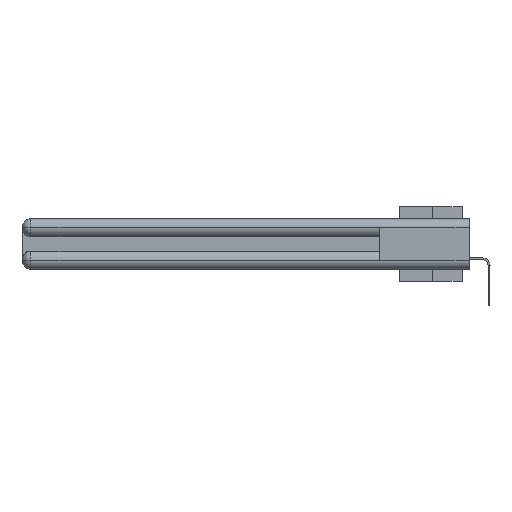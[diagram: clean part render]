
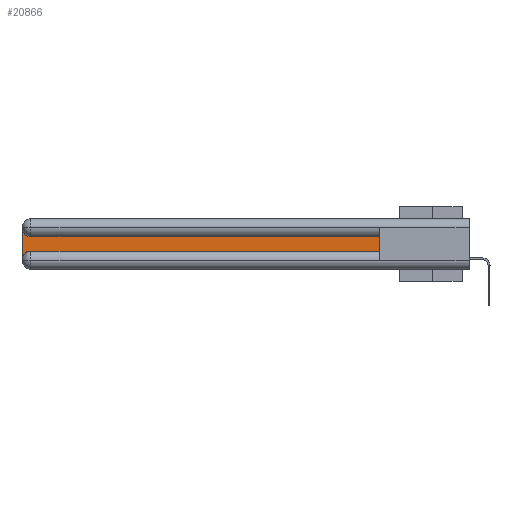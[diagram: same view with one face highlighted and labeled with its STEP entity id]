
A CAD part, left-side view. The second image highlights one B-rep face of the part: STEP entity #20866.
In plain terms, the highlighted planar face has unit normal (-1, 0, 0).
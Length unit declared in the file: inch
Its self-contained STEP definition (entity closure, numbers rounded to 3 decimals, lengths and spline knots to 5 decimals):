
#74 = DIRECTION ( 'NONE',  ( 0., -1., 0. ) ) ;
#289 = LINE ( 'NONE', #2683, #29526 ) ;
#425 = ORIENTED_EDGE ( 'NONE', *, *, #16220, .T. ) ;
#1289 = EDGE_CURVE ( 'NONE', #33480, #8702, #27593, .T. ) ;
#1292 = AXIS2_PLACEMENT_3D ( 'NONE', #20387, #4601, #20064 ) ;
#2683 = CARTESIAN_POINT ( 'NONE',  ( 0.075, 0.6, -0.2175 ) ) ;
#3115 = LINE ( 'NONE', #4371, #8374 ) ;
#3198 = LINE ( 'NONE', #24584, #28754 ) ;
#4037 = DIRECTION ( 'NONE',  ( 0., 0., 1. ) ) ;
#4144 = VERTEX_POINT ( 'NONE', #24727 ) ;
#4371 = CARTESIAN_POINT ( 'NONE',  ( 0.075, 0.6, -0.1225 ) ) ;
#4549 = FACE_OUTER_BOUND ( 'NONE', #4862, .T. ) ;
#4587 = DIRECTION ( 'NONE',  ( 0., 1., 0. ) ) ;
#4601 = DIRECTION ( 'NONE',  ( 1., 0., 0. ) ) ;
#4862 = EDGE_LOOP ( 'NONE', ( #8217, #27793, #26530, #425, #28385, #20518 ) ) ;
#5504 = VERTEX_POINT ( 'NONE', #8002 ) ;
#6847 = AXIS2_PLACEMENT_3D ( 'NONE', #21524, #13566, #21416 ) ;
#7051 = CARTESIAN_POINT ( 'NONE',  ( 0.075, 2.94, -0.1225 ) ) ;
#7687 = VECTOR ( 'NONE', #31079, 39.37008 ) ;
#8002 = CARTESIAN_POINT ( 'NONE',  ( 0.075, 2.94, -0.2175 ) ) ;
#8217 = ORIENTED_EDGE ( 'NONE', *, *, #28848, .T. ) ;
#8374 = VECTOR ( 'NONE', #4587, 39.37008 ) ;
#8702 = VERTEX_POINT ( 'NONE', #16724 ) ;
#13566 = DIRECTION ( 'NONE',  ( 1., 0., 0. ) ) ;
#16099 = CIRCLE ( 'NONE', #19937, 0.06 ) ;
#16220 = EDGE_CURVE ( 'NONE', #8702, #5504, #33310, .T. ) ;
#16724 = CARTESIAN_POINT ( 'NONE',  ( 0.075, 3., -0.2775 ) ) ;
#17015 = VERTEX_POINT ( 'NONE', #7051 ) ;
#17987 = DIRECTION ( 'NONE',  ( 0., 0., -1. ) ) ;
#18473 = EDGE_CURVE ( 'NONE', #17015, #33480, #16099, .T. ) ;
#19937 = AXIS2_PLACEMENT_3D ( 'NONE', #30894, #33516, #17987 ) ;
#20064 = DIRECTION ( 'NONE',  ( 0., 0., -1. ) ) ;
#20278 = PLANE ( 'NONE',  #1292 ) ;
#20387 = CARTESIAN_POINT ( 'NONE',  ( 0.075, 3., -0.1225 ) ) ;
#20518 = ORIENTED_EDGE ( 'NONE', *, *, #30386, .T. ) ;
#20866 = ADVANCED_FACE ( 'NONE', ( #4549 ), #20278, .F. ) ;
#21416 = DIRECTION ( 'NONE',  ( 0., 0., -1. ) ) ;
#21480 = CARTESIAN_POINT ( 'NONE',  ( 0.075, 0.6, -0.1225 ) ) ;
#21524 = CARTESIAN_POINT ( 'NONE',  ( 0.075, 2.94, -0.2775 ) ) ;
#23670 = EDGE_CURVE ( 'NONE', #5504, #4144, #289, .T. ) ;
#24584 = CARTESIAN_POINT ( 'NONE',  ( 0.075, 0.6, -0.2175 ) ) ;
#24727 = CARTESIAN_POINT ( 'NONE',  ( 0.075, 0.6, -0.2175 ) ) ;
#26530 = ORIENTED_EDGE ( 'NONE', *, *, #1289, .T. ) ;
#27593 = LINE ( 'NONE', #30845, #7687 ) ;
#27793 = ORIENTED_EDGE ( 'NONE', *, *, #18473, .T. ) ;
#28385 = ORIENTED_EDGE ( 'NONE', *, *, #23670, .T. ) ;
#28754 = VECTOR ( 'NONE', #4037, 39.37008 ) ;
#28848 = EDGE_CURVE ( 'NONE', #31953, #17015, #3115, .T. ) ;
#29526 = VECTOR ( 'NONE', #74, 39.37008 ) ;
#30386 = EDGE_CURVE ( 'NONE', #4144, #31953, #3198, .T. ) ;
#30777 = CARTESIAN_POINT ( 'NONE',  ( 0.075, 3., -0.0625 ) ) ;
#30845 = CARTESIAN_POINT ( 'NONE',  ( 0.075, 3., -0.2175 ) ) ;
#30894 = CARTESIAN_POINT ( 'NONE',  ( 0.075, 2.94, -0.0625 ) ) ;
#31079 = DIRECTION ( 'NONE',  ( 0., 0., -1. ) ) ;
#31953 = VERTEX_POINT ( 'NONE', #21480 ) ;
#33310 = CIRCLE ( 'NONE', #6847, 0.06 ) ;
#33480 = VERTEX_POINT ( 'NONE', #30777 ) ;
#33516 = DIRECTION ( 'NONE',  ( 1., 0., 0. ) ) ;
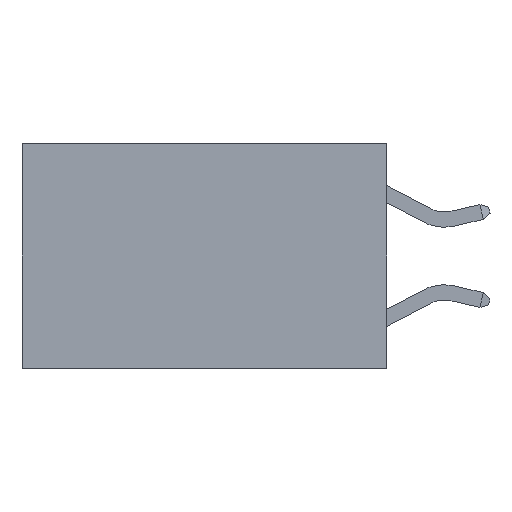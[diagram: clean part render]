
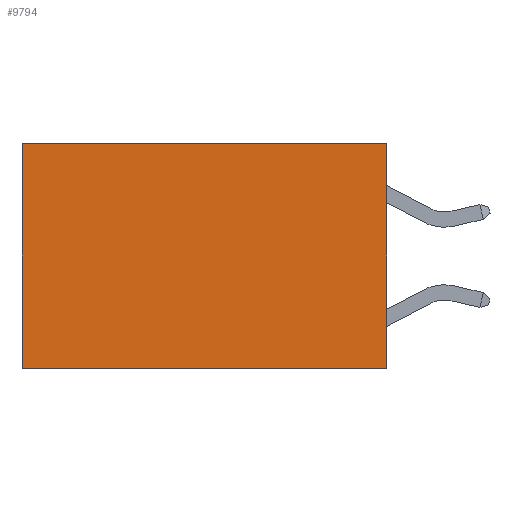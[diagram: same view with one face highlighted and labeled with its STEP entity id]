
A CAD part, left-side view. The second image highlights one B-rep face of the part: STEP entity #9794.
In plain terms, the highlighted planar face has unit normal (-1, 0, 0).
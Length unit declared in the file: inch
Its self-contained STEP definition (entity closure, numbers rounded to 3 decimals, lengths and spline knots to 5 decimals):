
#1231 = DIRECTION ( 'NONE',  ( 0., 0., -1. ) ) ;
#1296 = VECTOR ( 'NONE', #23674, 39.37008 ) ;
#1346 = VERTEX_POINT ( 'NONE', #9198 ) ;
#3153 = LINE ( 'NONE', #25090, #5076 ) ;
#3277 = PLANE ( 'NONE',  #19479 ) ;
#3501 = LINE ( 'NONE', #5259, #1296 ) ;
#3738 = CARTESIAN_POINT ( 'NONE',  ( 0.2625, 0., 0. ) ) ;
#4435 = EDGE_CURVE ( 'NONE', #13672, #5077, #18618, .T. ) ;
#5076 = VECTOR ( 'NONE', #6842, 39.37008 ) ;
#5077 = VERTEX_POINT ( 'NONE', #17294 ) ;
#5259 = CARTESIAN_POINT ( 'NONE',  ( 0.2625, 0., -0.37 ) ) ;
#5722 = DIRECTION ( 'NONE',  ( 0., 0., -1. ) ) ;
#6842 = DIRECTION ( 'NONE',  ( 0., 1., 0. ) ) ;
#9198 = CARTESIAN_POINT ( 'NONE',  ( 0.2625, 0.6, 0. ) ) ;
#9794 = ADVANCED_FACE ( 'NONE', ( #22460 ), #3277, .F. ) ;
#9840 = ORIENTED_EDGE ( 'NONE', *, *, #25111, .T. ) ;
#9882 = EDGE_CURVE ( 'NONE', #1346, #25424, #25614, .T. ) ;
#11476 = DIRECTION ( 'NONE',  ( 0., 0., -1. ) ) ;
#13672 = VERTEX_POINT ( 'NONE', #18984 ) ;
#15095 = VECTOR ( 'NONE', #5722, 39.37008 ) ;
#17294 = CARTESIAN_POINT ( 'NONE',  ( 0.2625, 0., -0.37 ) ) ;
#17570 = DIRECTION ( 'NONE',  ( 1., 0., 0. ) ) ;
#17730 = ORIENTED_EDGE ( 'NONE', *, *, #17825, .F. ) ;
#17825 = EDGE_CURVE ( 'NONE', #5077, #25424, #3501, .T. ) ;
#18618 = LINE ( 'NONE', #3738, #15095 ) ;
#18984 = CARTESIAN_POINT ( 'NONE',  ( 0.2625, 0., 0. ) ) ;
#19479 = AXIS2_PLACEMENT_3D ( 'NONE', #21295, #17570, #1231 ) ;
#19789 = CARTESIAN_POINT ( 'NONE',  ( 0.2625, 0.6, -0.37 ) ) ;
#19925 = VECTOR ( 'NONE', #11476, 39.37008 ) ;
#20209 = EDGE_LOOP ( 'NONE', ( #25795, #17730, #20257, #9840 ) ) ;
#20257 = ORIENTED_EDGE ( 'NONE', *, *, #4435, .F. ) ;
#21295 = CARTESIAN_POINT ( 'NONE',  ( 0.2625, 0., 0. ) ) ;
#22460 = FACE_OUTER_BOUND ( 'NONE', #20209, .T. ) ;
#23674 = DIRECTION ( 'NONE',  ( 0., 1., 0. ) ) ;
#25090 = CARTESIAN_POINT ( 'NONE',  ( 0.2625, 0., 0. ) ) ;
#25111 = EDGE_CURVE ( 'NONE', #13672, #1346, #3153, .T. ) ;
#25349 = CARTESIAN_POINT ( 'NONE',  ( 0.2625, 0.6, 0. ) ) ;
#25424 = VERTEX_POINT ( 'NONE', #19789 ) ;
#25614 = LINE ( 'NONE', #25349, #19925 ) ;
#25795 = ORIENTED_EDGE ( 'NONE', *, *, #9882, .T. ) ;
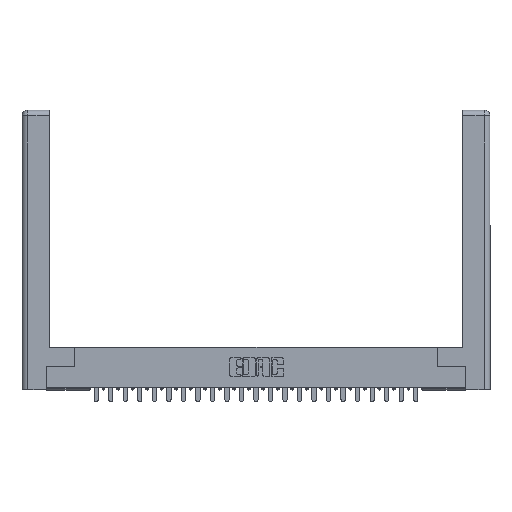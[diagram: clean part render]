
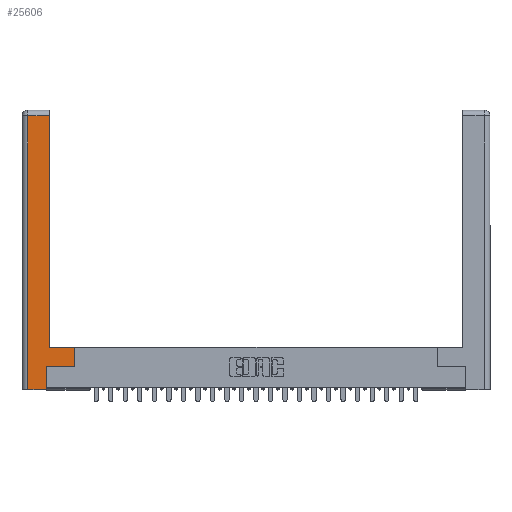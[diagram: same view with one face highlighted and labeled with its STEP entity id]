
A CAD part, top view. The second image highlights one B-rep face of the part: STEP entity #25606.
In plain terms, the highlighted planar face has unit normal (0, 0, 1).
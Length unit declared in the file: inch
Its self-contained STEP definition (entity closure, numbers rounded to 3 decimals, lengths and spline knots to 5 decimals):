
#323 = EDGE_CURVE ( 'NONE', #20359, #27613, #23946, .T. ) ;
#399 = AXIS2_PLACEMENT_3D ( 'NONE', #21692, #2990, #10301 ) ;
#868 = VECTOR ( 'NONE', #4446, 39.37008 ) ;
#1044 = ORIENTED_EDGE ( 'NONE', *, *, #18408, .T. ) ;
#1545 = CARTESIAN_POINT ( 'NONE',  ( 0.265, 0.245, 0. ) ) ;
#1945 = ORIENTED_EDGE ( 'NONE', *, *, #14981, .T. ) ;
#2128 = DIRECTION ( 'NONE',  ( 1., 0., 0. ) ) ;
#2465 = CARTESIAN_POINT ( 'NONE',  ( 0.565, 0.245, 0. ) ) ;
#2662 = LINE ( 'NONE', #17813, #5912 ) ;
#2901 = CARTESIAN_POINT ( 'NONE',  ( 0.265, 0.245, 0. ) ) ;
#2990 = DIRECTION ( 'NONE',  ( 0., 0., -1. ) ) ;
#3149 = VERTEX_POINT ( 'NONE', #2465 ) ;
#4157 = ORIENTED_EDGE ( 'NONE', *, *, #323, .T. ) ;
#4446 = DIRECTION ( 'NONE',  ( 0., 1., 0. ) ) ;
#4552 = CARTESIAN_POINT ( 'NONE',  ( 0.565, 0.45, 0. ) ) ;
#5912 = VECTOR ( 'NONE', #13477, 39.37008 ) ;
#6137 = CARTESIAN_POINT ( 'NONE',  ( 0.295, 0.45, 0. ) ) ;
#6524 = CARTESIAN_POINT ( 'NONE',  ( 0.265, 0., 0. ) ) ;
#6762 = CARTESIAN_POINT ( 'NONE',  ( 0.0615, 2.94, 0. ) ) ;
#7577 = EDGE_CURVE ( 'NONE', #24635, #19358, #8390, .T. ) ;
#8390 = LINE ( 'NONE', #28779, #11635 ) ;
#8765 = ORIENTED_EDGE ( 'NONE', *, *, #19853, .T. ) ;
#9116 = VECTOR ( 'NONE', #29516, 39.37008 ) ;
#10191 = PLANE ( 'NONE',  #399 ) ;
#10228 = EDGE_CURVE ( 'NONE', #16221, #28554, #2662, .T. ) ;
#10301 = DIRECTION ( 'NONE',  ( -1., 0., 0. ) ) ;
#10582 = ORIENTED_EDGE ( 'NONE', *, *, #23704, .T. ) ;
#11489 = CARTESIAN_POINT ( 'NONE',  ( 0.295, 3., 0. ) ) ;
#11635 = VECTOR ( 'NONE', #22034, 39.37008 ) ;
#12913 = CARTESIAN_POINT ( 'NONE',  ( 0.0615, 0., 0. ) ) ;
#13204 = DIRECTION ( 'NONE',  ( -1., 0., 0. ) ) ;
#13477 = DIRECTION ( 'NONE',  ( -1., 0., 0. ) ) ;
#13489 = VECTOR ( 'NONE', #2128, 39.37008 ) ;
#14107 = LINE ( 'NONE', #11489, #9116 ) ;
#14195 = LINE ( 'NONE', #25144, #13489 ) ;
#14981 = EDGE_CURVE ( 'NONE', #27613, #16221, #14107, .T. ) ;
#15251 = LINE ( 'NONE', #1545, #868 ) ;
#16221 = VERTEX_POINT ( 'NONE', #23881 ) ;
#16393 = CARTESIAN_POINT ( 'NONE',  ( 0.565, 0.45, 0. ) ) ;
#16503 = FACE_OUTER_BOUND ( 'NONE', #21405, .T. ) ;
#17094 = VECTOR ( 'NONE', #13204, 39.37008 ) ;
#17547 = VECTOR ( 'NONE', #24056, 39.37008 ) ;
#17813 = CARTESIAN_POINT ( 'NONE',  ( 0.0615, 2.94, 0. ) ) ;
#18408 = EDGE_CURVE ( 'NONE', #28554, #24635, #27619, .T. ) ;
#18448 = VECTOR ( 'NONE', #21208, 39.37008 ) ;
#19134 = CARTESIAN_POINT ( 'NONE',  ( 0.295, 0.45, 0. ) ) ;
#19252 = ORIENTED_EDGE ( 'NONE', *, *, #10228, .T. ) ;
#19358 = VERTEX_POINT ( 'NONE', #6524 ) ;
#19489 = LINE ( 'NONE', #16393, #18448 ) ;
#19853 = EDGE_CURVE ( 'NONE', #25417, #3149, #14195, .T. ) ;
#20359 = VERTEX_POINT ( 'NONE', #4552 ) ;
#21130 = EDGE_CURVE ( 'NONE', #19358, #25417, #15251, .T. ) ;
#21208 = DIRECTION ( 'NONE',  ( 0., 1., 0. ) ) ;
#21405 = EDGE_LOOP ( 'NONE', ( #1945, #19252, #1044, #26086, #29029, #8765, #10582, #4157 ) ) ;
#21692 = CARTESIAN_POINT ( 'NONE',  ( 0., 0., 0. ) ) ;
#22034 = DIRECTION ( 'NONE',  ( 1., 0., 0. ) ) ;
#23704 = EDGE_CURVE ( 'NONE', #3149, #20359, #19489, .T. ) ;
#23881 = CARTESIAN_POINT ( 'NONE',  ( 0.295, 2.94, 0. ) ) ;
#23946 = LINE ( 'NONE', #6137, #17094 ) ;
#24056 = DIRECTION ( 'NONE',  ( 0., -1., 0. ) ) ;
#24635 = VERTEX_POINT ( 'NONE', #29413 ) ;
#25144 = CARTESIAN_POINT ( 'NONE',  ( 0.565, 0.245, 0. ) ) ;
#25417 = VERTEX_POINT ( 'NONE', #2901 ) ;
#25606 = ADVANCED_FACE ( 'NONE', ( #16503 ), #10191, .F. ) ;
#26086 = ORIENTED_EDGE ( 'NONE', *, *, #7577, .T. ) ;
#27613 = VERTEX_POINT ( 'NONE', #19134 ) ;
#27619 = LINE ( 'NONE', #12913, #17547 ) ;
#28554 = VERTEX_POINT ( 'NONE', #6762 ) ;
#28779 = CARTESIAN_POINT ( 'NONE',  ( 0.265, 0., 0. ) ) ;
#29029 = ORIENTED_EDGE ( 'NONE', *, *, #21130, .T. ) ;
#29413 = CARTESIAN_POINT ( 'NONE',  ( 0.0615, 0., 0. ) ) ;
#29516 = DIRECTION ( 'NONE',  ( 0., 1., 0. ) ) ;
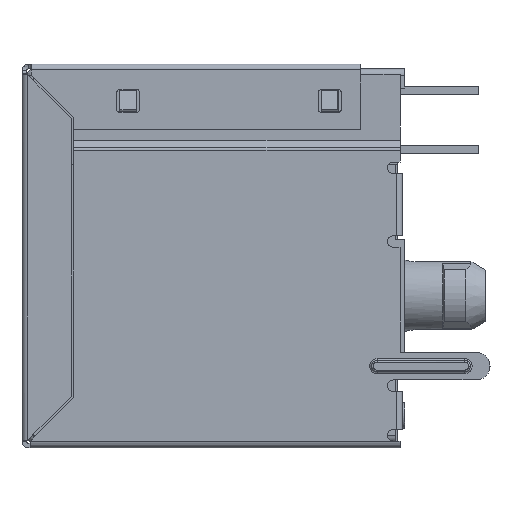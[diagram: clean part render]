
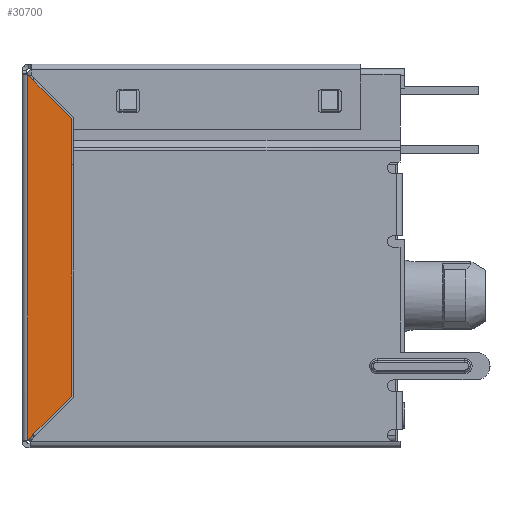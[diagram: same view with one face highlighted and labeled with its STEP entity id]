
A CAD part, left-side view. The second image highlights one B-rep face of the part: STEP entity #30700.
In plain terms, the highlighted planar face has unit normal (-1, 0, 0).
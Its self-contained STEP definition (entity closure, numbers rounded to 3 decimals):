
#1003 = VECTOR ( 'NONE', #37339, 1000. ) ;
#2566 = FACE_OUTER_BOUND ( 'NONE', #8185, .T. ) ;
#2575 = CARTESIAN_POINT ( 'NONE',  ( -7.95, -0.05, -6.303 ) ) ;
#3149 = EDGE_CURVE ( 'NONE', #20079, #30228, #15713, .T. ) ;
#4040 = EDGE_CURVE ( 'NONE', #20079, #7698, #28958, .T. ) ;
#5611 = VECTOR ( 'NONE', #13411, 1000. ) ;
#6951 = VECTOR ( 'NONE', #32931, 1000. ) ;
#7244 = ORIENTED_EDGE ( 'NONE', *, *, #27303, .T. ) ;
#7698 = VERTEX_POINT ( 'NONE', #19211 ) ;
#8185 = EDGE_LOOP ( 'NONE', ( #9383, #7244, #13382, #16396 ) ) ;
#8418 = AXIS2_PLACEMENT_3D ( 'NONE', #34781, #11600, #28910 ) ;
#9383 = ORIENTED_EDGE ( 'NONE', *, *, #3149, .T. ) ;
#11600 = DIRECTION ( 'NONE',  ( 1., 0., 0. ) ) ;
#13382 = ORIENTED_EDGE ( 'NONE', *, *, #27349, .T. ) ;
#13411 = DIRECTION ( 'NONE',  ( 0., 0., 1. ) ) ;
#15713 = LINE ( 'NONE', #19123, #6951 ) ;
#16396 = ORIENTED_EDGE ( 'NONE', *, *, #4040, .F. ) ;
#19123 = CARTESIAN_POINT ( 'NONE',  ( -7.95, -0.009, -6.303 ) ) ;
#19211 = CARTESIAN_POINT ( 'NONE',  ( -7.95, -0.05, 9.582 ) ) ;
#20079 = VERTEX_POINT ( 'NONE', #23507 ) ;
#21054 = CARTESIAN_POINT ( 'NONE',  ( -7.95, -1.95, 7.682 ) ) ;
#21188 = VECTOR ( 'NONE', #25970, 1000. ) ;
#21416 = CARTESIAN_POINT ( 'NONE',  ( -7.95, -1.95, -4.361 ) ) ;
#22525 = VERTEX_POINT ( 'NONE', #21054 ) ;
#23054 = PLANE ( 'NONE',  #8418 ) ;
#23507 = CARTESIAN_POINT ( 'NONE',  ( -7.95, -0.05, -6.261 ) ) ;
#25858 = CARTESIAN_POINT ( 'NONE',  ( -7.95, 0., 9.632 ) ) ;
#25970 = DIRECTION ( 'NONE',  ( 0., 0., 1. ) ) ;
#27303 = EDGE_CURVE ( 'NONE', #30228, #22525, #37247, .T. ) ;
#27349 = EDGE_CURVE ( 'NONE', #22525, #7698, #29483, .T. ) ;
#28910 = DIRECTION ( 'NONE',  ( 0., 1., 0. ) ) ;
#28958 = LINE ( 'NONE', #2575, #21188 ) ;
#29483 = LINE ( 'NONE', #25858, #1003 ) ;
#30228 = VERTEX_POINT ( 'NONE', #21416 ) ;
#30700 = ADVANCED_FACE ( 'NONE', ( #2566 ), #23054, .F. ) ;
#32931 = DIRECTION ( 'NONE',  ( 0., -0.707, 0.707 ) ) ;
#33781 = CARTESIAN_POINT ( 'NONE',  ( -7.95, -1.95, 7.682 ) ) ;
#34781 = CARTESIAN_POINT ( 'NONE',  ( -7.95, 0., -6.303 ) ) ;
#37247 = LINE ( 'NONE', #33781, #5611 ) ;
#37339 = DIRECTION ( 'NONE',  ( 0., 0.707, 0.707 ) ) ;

== == ==

## Problem description
Using the material above, transcribe exactly the lines from the line with "#14981 = EDGE_CURVE" to the line with "#19489 = LINE ( 'NONE', #16393, #18448 ) ;"; both count, and nothing else goes in.

## Answer
#14981 = EDGE_CURVE ( 'NONE', #27613, #16221, #14107, .T. ) ;
#15251 = LINE ( 'NONE', #1545, #868 ) ;
#16221 = VERTEX_POINT ( 'NONE', #23881 ) ;
#16393 = CARTESIAN_POINT ( 'NONE',  ( 0.565, 0.45, 0. ) ) ;
#16503 = FACE_OUTER_BOUND ( 'NONE', #21405, .T. ) ;
#17094 = VECTOR ( 'NONE', #13204, 39.37008 ) ;
#17547 = VECTOR ( 'NONE', #24056, 39.37008 ) ;
#17813 = CARTESIAN_POINT ( 'NONE',  ( 0.0615, 2.94, 0. ) ) ;
#18408 = EDGE_CURVE ( 'NONE', #28554, #24635, #27619, .T. ) ;
#18448 = VECTOR ( 'NONE', #21208, 39.37008 ) ;
#19134 = CARTESIAN_POINT ( 'NONE',  ( 0.295, 0.45, 0. ) ) ;
#19252 = ORIENTED_EDGE ( 'NONE', *, *, #10228, .T. ) ;
#19358 = VERTEX_POINT ( 'NONE', #6524 ) ;
#19489 = LINE ( 'NONE', #16393, #18448 ) ;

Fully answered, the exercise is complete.